Absolutely right- I was confusing it with the scene of his death.


----------



## farntfar (Jan 14, 2016)

A very short one.

Eureka!


----------



## Gramm838 (Jan 28, 2016)

Given today's state of the world, i would have thought Pope Urban II's call to Crusade in the 1190's has had the longest lasting effect since it was made?


----------



## mosaix (Jan 28, 2016)

Gramm838 said:


> Given today's state of the world, i would have thought Pope Urban II's call to Crusade in the 1190's has had the longest lasting effect since it was made?



Maybe the most 'effective', Gramm, but probably not the most famous.

Strangely, Churchill's wartime speeches are famous but he got voted out of office straight after the war ended. So perhaps the passage of time has given them a quality that people didn't see immediately.

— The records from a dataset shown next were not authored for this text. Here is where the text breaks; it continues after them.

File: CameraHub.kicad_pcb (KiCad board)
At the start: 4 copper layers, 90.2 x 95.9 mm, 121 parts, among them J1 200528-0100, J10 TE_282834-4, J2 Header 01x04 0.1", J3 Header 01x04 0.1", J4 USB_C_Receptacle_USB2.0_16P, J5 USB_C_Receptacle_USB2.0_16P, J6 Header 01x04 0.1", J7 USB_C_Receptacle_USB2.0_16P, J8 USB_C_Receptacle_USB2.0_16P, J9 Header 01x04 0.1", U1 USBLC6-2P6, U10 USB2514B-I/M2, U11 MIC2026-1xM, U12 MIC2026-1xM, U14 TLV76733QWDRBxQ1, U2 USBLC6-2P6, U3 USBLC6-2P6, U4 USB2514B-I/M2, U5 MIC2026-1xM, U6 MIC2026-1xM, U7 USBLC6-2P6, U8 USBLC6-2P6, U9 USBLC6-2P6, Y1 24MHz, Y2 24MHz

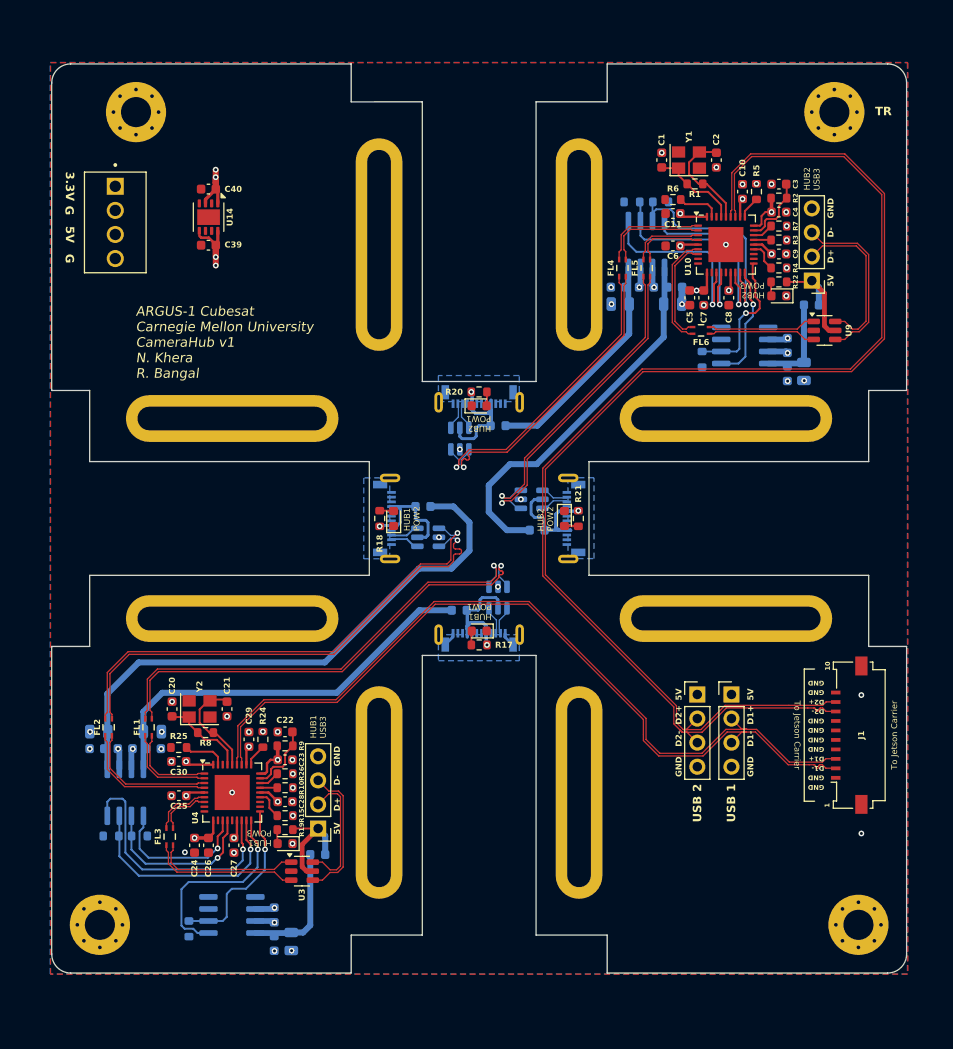
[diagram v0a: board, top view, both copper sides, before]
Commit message: Updated for single USB line
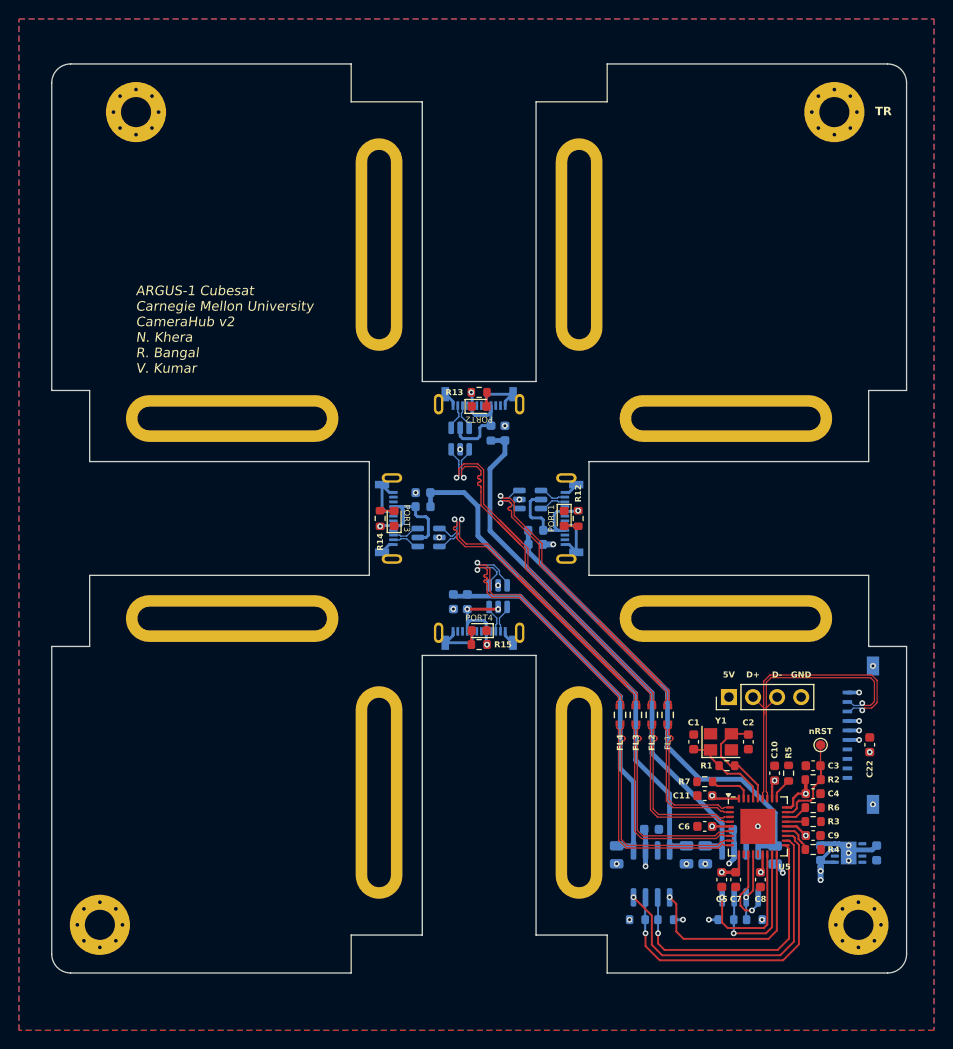
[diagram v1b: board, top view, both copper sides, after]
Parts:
- removed the C20 at (116.5, 116.9)
- removed the C21 at (122.3, 116.9)
- removed the C23 at (128.4, 122.3)
- removed the C24 at (118.9, 131.3)
- removed C25, C26, C27, C28, C29, C30, C31, C33, C35, C36, C38: 0.1uF, Capacitor_SMD:C_0603_1608Metric
- removed C32, C34, C37: 100uF, Capacitor_SMD:C_0805_2012Metric
- removed the D1 at (148.9, 108.7)
- removed the D2 at (139.9, 96.8)
- removed the D3 at (128.4, 131.1)
- removed the FB1 at (146.8, 106.5)
- removed FB6: 600R, Inductor_SMD:L_0603_1608Metric
- removed FL5, FL6: 744230900, CameraHub:CHIP_230900_WRE
- removed the J1 at (187.4, 119.7)
- removed J10: TE_282834-4, CameraHub:TE_282834-4
- removed the J2 at (175.5, 115.4)
- removed the J5 at (139.7, 96.8)
- removed J9: Header 01x04 0.1", Connector_PinHeader_2.54mm:PinHeader_1x04_P2.54mm_Vertical
- removed the R10 at (128.4, 125.2)
- removed R17, R18, R19: 330R, Resistor_SMD:R_0603_1608Metric
- removed R24, R26: 36K, Resistor_SMD:R_0603_1608Metric
- removed R25: 12K, Resistor_SMD:R_0603_1608Metric
- removed R30, R31, R33: 10K, Resistor_SMD:R_0603_1608Metric
- removed the R8 at (120.0, 119.4)
- removed the R9 at (128.4, 120.8)
- removed the U1 at (150.9, 105.2)
- removed the U2 at (143.5, 98.8)
- removed the U3 at (130.2, 134.0)
- removed the U5 at (111.6, 125.7)
- removed the U6 at (122.8, 138.7)
- removed Y2: 24MHz, Crystal:Crystal_SMD_3225-4Pin_3.2x2.5mm
- added C18: 100uF, Capacitor_SMD:C_0805_2012Metric, B.Cu at (163.4, 132.3)
- added C19: 0.1uF, Capacitor_SMD:C_0603_1608Metric, B.Cu at (146.2, 105.6)
- added D4: Green, LED_SMD:LED_0603_1608Metric, F.Cu at (148.9, 108.7)
- added J3: USB_C_Receptacle_USB2.0_16P, CameraHub:USBC-121SMT-4BS2S, B.Cu at (139.9, 96.8)
- added R11: 10K, Resistor_SMD:R_0603_1608Metric, B.Cu at (165.6, 139.1)
- added nRST: Conn_01x01, TestPoint:TestPoint_Pad_D1.0mm, F.Cu at (184.9, 120.7)
- C22: value 0.1uF -> 1uF
- C23: renamed from C39; moved to B.Cu
- C24: renamed from C40; moved to B.Cu
- J6: value Header 01x04 0.1" -> 200528-0100; footprint Connector_PinHeader_2.54mm:PinHeader_1x04_P2.54mm_Vertical -> Connector_FFC-FPC:Molex_200528-0100_1x10-1MP_P1.00mm_Horizontal; moved to B.Cu
- R15: value 36K -> 330R
- U3: renamed from U9; moved to B.Cu
- U4: value USB2514B-I/M2 -> USBLC6-2P6; footprint Package_DFN_QFN:QFN-36-1EP_6x6mm_P0.5mm_EP3.7x3.7mm -> Package_TO_SOT_SMD:SOT-23-6; moved to B.Cu
- U8: renamed from U14; moved to B.Cu
- moved C23 95.3 mm to (190.8, 132.1), turned to 90 degrees
- moved C24 95.2 mm to (184.9, 132.1), turned to 90 degrees
- moved U8 95.2 mm to (187.9, 132.1), turned to 0 degrees
- moved R8 76.8 mm to (177.9, 139.1), turned to 180 degrees
- moved R9 76.0 mm to (174.9, 139.1), turned to 0 degrees
- moved U6 67.1 mm to (176.4, 134.3), turned to 90 degrees
- moved C22 61.7 mm to (190.1, 120.7), turned to -90 degrees
- moved R7 61.5 mm to (172.7, 124.6)
- moved C11 61.5 mm to (172.7, 126.1)
- moved U5 61.5 mm to (178.3, 129.3)
- moved C1 61.5 mm to (171.5, 120.4)
- moved C2 61.5 mm to (177.3, 120.4)
- moved C5 61.5 mm to (174.5, 134.9)
- moved C7 61.5 mm to (176.0, 134.9)
- moved R1 61.5 mm to (175.0, 122.9)
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- renumbered C18 to C20, C19 to C21, D4 to D1, D5 to D2, D6 to D3, FB2 to FB1, FB5 to FB2, J7 to J1, J8 to J2, J3 to J5, R16 to R10, R20 to R12, R21 to R13, R22 to R14, R7 to R6, R6 to R7, R11 to R8, R12 to R9, U7 to U1, U8 to U2, U10 to U5, U11 to U6, U12 to U7
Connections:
- net /nRST2 renamed /nRST
- C22 pad 1: /nRST1 -> GND
- C22 pad 2: GND -> +5V
- FB3 pad 1: /Hub 1/VBUS3 -> /Hub 2/VBUS3
- FB3 pad 2: /Hub 1/VBUS_CONN3 -> /Hub 2/VBUS_CONN3
- FB4 pad 1: /Hub 1/VBUS2 -> /Hub 2/VBUS4
- FB4 pad 2: /Hub 1/VBUS_CONN2 -> /Hub 2/VBUS_CONN4
- FL1 pad 1: /Hub 1/HD1_P -> /Hub 2/HD1_P
- FL1 pad 2: /Hub 1/FD1_P -> /Hub 2/FD1_P
- FL1 pad 3: /Hub 1/FD1_N -> /Hub 2/FD1_N
- FL1 pad 4: /Hub 1/HD1_N -> /Hub 2/HD1_N
- FL2 pad 1: /Hub 1/HD2_P -> /Hub 2/HD2_P
- FL2 pad 2: /Hub 1/FD2_P -> /Hub 2/FD2_P
- FL2 pad 3: /Hub 1/FD2_N -> /Hub 2/FD2_N
- FL2 pad 4: /Hub 1/HD2_N -> /Hub 2/HD2_N
- FL3 pad 1: /Hub 1/HD3_P -> /Hub 2/HD3_P
- FL3 pad 2: /Hub 1/FD3_P -> /Hub 2/FD3_P
- FL3 pad 3: /Hub 1/FD3_N -> /Hub 2/FD3_N
- FL3 pad 4: /Hub 1/HD3_N -> /Hub 2/HD3_N
- FL4 pad 1: /Hub 2/HD1_P -> /Hub 2/HD4_P
- FL4 pad 2: /Hub 2/FD1_P -> /Hub 2/FD4_P
- FL4 pad 3: /Hub 2/FD1_N -> /Hub 2/FD4_N
- FL4 pad 4: /Hub 2/HD1_N -> /Hub 2/HD4_N
- J4 pad A4: /Hub 1/VBUS_CONN1 -> /Hub 2/VBUS_CONN4
- J4 pad A6: /Hub 1/D1_P -> /Hub 2/D4_P
- J4 pad A7: /Hub 1/D1_N -> /Hub 2/D4_N
- J4 pad B9: /Hub 1/VBUS_CONN1 -> /Hub 2/VBUS_CONN4
- J5 pad 2: /USB2_P -> /USB_P
- J5 pad 3: /USB2_N -> /USB_N
- J6 pad 1: /Hub 1/VBUS_CONN3 -> GND
- J6 pad 2: /Hub 1/D3_P -> /USB_N
- J6 pad 3: /Hub 1/D3_N -> /USB_P
- R15 pad 1: Net-(U4-SDA/SMBDATA/NON_REM1) -> /Hub 2/VBUS_CONN4
- R15 pad 2: GND -> Net-(D4-A)
- U4 pad 1: /Hub 1/HD1_N -> /Hub 2/FD4_P
- U4 pad 2: /Hub 1/HD1_P -> GND
- U4 pad 3: /Hub 1/HD2_N -> /Hub 2/FD4_N
- U4 pad 4: /Hub 1/HD2_P -> /Hub 2/D4_N
- U4 pad 5: +3.3V -> /Hub 2/VBUS_CONN4
- U4 pad 6: /Hub 1/HD3_N -> /Hub 2/D4_P
- U5 pad 20: unconnected-(U10-PRTPWR4/BC_EN4-Pad20) -> /Hub 2/PWR4
- U5 pad 21: unconnected-(U10-OCS_N4-Pad21) -> /Hub 2/nOCS4
- U5 pad 30: /USB2_N -> /USB_N
- U5 pad 31: /USB2_P -> /USB_P
- U5 pad 8: unconnected-(U10-USBDM_DN4/PRT_DIS_M4-Pad8) -> /Hub 2/HD4_N
- U5 pad 9: unconnected-(U10-USBDP_DN4/PRT_DIS_P4-Pad9) -> /Hub 2/HD4_P
- U7 pad 3: unconnected-(U12-FLGB-Pad3) -> /Hub 2/nOCS4
- U7 pad 4: unconnected-(U12-ENB-Pad4) -> /Hub 2/PWR4
- U7 pad 5: unconnected-(U12-OUTB-Pad5) -> /Hub 2/VBUS4
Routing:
- net /USB2_N: track 133.7 -> 0.00 mm
- net /USB2_P: track 132.7 -> 0.00 mm
- net /USB1_P: track 85.8 -> 0.00 mm
- net /USB1_N: track 85.6 -> 0.00 mm
- net /Hub 1/VBUS2: track 60.2 -> 0.00 mm
- net /Hub 2/FD3_N: track 11.4 -> 65.0 mm, vias 0 -> 1
- net /Hub 2/FD3_P: track 11.4 -> 65.0 mm, vias 0 -> 1
- net /Hub 1/FD2_N: track 52.0 -> 0.00 mm, vias 1 -> 0
- net /Hub 1/FD2_P: track 51.6 -> 0.00 mm, vias 1 -> 0
- net /Hub 1/FD1_N: track 49.7 -> 0.00 mm, vias 1 -> 0
- net /Hub 1/FD1_P: track 49.1 -> 0.00 mm, vias 1 -> 0
- net /Hub 2/VBUS3: track 9.88 -> 53.5 mm
- net /Hub 1/VBUS1: track 42.2 -> 0.00 mm
- net /Hub 2/VBUS4: track 0.00 -> 40.4 mm
- net /Hub 2/nOCS4: track 0.00 -> 35.1 mm, vias 0 -> 1
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- added copper zone on In2.Cu, net +3.3V
- added copper zone on B.Cu, net +5V
- removed copper zone on B.Cu, net +3.3V
- removed copper zone on In2.Cu, net +5V
- removed copper zone on B.Cu, net GND
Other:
- board text added: "ARGUS-1 Cubesat Carnegie Mellon University CameraHub v2 N. Khera R. Bangal V. Kumar"
- board text added: "JETSON CARRIER"
- board text added: "PORT1"
- board text added: "PORT2"
- board text added: "PORT3"
- board text added: "PORT4"
- board text added: "USB1"
- board text added: "USB2"
- board text added: "USB3"
- board text added: "USB4"
- board text removed: "3.3V"
- board text removed: "ARGUS-1 Cubesat Carnegie Mellon University CameraHub v1 N. Khera R. Bangal"
- board text removed: "D1+"
- board text removed: "D1-"
- board text removed: "D2+"
- board text removed: "D2-"
- board text removed: "G"
- board text removed: "HUB1 POW1"
- board text removed: "HUB1 POW2"
- board text removed: "HUB1 POW3"
- board text removed: "HUB1 USB1"
- board text removed: "HUB1 USB2"
- board text removed: "HUB1 USB3"
- board text removed: "HUB2 POW1"
- board text removed: "HUB2 POW2"
- board text removed: "HUB2 POW3"
- board text removed: "HUB2 USB1"
- board text removed: "HUB2 USB2"
- board text removed: "HUB2 USB3"
- board text removed: "USB 1"
- board text removed: "USB 2"

The speech, given in my lifetime, that I remember most vividly is Kennedy's 'Ask not what...' speech.


----------



## Kylara (Jan 28, 2016)

Can I pipe in with Elizabeth I speech at Tilbury (?), I'd say that is pretty famous - or maybe just to me...

I agree probably a bible one would be up there too - the mount one. (sleep deprivation is not my friend)


----------



## willwallace (Jan 28, 2016)

I'm surprised no one has mentioned Charlie Chaplin's final speech in The Great Dictator.


----------



## Caledfwlch (Jan 29, 2016)

mosaix said:


> Maybe the most 'effective', Gramm, but probably not the most famous.
> 
> Strangely, Churchill's wartime speeches are famous but he got voted out of office straight after the war ended. So perhaps the passage of time has given them a quality that people didn't see immediately.
> 
> The speech, given in my lifetime, that I remember most vividly is Kennedy's 'Ask not what...' speech.



I would disagree, his Speeches helped rally the Nation in it's greatest time of need, they were very famous in Britain, it's just that the people knew exactly who and what Churchill was - We were fighting Bastards and we needed a ******* of our own to Prosecute the War, so Churchill was perfect, but let him run the country in Peacetime? No way!!! People weren't stupid! They were very grateful for him helping to win the war, but they didn't want him wrecking the peace. Not to mention the "understandings" that if the working class peoples made the ultimate sacrifices required, if they fought for King and Country, things would get better, things would change, they fought and so many died not just for our freedom, but to give us the NHS, a Welfare system, secure and cheap homes and so on , and Churchill was absolutely not the person to do that. Had Tax Collection in Birmingham been really low due to people lying or not paying, He would have probably ordered the RAF to drop mustard gas on the place.

His War Speeches have wonderful fantasy elements, painting the picture of an England, a Britain that never existed, a green and golden land, where peasants happily tugged their forelucks, and went home to a decent meal, not the vicious and unpleasant hell working class life was until the 40's. It's like Grandad's Quote from Only Fools and Horses about World War 1 "They promised us Homes for Heroes, and they gave us Heroes for Homes" people werent going to settle for being screwed again.


----------



## thaddeus6th (Jan 29, 2016)

Mosaix, not my period but my understanding is Churchill did very little campaigning and essentially expected a grateful nation to just vote for him. There's actually footage (saw it on TV some years ago) of him being booed, in the UK, in 1945.


----------



## michaelhall2007 (Mar 25, 2016)

JFK
We choose to go to the moon. We choose to go to the moon in this decade and do the other things, not because they are easy, but because they are hard...


----------



## michaelhall2007 (Mar 25, 2016)

Vertigo said:


> An SF forum and no one's mentioned JFK's " not because they are easy, but because they are hard..."?!


Oops I just did without reading yours but it instantly jump to my mind when I read the question.


----------



## Cathbad (Mar 25, 2016)

"I Have a Dream!"


----------



## Cathbad (Mar 25, 2016)

WaylanderToo said:


> A thought occurred upon reading another forum where it was posited that M L King's "I have a dream" speech is the most famous in history. I have to say that I am not sure that it is, I think it may well be one of the most socially significant speeches - but the *most* famous?



Oh... already mentioned.  ~crawls back under my rock~


----------